What is the role of fiscal policy in crisis?
The most important role of fiscal policy in crisis is to prevent further economic deterioration and restore the overall vitality of macroeconomics. One of the techniques used by the majority of national governments is to enforce an increase in money supply by reducing interest rates. Governments are also trying to increase overall expenses, consumer confidence and production production through fiscal policy. The national government may temporarily reduce taxes and increase its own expenses to improve the overall health of macroeconomics rather than the financial health of individual population segments.
In order to prevent complete economic collapse, the national government in crisis will use fiscal policy to stimulate aggregated demand. The economic crisis is usually referred to as a severe recession or depression where the money value of the output stagnates or decreases sharply. This usually occurs due to the gap between the cost of basic goods and services the average consumer income, in addition to the ability of enterprises to create a corresponding profitThe margin. When the government reduces the interest rate it charges to banks to borrow money, it hopes that consumers and businesses will be encouraged to ensure financing they need to buy large ticket items such as houses, vehicles and new equipment.
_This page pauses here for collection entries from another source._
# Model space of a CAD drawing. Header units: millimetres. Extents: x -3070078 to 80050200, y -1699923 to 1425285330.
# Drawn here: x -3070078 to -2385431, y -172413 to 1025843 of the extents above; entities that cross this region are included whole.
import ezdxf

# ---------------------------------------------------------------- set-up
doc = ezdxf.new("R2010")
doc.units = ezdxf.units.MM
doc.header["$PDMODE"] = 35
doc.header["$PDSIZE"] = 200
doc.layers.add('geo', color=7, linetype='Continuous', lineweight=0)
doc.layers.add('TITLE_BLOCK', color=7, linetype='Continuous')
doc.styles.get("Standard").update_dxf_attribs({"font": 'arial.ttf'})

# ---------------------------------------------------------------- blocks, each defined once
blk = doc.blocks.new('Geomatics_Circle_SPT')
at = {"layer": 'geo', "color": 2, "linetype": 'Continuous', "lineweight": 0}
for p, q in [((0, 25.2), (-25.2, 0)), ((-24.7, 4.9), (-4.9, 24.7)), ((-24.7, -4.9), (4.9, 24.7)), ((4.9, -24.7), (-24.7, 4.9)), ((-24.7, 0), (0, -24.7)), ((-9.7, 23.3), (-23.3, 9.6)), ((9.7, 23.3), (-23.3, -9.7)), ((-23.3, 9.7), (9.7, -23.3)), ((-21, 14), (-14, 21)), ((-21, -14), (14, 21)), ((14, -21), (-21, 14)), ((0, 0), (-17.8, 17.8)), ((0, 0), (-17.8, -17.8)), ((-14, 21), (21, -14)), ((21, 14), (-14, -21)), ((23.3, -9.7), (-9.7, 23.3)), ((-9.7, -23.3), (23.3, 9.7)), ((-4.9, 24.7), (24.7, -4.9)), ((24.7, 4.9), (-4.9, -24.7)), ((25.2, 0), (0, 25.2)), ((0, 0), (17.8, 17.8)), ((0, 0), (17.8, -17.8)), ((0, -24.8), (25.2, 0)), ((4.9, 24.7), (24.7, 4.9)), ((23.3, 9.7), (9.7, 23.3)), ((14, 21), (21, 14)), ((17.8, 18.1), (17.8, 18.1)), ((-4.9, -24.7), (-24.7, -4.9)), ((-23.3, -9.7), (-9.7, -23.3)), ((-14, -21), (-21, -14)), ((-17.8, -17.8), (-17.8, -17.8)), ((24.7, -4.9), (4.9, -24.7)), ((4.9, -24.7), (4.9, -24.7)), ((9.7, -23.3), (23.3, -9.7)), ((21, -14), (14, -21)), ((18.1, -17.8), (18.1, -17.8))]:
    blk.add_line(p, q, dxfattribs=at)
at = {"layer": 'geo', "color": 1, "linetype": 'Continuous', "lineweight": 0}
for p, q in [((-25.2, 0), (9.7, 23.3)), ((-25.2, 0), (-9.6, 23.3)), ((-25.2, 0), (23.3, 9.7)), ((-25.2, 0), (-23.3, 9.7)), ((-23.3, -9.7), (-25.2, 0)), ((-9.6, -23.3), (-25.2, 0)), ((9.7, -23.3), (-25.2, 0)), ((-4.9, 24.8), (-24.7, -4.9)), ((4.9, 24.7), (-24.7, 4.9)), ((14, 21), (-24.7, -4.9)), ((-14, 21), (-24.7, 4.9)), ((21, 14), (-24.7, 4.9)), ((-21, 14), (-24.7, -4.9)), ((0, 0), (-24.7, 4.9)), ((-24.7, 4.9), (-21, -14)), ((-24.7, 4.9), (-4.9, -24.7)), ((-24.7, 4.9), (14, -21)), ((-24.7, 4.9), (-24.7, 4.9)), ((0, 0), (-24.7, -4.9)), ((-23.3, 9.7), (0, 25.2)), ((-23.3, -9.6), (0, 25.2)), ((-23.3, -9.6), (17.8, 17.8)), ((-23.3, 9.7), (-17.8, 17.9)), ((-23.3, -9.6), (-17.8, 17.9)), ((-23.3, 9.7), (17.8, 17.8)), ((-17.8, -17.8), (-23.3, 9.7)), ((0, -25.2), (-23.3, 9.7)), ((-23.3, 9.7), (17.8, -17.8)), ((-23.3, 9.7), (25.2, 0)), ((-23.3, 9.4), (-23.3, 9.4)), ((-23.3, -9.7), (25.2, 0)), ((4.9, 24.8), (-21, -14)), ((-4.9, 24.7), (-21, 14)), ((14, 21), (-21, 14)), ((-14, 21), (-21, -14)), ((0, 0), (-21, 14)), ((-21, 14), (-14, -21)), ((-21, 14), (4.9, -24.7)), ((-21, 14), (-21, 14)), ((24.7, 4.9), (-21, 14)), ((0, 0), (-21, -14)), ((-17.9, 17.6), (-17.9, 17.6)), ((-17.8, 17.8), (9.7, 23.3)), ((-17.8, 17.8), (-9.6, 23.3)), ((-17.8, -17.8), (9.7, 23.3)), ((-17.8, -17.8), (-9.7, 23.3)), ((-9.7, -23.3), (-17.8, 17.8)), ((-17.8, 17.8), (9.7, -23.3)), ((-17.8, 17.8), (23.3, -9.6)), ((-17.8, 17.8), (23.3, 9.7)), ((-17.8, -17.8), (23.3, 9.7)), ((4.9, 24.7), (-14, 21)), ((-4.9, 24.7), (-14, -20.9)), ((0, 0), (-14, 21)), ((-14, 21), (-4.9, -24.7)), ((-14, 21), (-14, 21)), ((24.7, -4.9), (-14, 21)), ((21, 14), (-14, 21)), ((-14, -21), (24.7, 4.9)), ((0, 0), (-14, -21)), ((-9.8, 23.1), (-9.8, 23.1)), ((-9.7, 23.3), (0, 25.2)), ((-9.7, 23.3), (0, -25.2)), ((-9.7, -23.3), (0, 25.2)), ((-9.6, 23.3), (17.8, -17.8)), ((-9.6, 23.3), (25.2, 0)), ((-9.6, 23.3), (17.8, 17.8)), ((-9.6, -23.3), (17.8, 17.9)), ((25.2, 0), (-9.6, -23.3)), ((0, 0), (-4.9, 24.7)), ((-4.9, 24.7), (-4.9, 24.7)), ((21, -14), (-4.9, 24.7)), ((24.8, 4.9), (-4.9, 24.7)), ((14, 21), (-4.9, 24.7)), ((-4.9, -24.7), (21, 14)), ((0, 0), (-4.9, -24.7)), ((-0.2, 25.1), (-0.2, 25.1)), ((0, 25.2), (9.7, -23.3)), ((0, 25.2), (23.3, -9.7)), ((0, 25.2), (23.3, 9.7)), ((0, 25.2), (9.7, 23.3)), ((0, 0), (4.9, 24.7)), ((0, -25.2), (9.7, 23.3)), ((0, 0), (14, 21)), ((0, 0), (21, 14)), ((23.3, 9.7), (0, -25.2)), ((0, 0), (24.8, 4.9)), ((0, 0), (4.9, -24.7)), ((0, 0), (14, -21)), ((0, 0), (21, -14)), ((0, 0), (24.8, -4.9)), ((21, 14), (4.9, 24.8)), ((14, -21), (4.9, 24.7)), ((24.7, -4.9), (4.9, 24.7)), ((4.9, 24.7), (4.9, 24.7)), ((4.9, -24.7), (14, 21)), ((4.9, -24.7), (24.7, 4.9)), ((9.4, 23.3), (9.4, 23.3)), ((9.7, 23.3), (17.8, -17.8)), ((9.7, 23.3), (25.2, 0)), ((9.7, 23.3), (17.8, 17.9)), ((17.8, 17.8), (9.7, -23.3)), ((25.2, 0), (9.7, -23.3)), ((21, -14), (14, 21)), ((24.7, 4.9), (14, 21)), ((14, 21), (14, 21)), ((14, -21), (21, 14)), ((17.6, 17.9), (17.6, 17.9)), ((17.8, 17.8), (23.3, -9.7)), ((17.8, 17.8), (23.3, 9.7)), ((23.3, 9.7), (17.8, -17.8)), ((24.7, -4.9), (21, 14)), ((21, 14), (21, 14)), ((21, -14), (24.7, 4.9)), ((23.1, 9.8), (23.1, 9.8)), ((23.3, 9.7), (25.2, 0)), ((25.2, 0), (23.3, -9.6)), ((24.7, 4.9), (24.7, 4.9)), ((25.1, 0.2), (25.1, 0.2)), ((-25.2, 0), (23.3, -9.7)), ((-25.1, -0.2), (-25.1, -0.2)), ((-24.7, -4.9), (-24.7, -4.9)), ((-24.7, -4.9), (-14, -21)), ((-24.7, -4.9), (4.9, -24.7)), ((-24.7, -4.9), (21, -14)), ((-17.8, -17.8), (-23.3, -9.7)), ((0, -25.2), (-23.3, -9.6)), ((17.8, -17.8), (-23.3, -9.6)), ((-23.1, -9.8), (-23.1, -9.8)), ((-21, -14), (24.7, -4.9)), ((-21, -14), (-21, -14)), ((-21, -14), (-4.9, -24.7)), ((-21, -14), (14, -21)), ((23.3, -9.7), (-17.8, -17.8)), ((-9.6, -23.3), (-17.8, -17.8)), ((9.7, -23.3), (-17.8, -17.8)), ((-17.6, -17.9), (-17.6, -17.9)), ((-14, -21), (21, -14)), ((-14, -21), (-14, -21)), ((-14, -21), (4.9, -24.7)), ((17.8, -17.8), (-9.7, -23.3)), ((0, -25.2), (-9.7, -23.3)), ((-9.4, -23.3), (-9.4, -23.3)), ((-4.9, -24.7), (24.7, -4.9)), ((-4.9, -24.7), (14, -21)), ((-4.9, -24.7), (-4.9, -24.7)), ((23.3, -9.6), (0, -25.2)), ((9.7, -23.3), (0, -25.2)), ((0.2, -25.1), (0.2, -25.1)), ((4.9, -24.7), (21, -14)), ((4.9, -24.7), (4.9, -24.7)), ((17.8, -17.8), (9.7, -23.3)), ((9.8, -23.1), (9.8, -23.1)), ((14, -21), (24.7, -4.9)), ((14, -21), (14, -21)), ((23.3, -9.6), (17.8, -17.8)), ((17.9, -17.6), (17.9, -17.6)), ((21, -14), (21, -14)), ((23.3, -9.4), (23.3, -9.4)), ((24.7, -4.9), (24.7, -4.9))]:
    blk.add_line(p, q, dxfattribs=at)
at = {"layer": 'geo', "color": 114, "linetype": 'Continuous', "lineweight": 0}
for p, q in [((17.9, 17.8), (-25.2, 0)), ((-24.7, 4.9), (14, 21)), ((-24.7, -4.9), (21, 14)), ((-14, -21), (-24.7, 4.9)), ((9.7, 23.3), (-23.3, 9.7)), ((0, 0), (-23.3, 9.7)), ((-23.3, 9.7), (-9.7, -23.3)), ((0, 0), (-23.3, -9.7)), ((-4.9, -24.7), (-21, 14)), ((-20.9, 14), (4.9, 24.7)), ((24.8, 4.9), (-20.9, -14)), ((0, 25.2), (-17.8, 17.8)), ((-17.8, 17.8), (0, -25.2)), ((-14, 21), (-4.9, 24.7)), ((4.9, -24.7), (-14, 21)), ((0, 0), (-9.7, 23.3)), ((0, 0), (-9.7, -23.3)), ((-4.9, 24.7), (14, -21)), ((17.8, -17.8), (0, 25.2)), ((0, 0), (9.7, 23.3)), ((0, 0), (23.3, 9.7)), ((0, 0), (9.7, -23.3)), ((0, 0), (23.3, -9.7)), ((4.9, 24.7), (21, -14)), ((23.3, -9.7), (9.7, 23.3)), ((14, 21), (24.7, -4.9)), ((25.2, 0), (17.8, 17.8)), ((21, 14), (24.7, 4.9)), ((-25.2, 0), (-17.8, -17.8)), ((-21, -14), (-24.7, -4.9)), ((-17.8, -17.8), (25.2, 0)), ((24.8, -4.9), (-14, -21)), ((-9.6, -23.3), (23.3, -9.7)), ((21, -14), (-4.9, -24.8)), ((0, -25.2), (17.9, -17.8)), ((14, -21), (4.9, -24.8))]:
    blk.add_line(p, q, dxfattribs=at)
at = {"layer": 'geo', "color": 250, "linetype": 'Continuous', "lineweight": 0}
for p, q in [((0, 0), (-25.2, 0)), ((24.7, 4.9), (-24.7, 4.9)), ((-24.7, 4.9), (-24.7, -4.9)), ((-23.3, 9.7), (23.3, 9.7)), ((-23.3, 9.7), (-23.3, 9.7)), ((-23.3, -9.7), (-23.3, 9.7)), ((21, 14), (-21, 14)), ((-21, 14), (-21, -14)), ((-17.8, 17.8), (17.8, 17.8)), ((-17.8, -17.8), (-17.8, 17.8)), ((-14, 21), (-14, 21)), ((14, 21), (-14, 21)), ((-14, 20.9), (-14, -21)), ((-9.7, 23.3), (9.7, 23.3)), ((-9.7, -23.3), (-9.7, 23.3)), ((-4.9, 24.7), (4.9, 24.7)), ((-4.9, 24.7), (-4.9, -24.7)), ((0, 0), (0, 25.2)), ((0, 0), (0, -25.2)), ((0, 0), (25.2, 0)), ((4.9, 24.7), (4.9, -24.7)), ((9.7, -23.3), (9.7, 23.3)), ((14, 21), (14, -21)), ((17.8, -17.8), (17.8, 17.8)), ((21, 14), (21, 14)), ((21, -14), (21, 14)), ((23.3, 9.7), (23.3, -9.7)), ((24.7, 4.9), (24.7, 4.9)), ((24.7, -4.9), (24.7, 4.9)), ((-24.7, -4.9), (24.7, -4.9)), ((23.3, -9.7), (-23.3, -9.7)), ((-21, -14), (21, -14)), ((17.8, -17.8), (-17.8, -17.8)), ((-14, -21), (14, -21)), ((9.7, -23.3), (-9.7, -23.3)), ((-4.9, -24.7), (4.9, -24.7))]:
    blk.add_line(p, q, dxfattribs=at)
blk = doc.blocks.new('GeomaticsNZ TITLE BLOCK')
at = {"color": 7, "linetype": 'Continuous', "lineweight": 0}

By supporting the increase in expenditure, the average demand for goods and services usually increases. The use of fiscal policy techniques in crisis helps to stimulate the overall production and activity of macroeconomics, but does not guarantee that every business or individual will benefit. Tax incentives can be provided to businesses to create more jobs or even higher jobs. A temporary reduction in consumer taxes or incentives to buy certain items such as houses could also be provided to provide relief from financial burden to allow further discretion income.
In addition to supporting more consumer expenditure, government expenditure has DALa common part of fiscal policy in crisis. Consumers sometimes do not spend enough to raise macroeconomics from recession, despite the reduction of interest rates and tax incentives. Since part of the gross domestic product of the economy (GDP) consists of government expenditure, it can invest in several projects such as military experiments, energy research or improving transport infrastructures. In order to complete many of these projects, the government must employ external suppliers, which in turn creates jobs and draws more money back to the consumer sector.
Since the results of the use of fiscal policy in crisis, consumers and businesses tend to gain confidence in the potential and health of the economy. They are beginning to become less conservative and restrictive in their willingness to spend and invest. To satisfy increased demand, the supplier will find ways to provide multiple products and services, which increases the amount of money circulating in macroeconomics. The government thenThey may start slightly raising interest rates to discourage high inflation and maintain growth with optimal rate.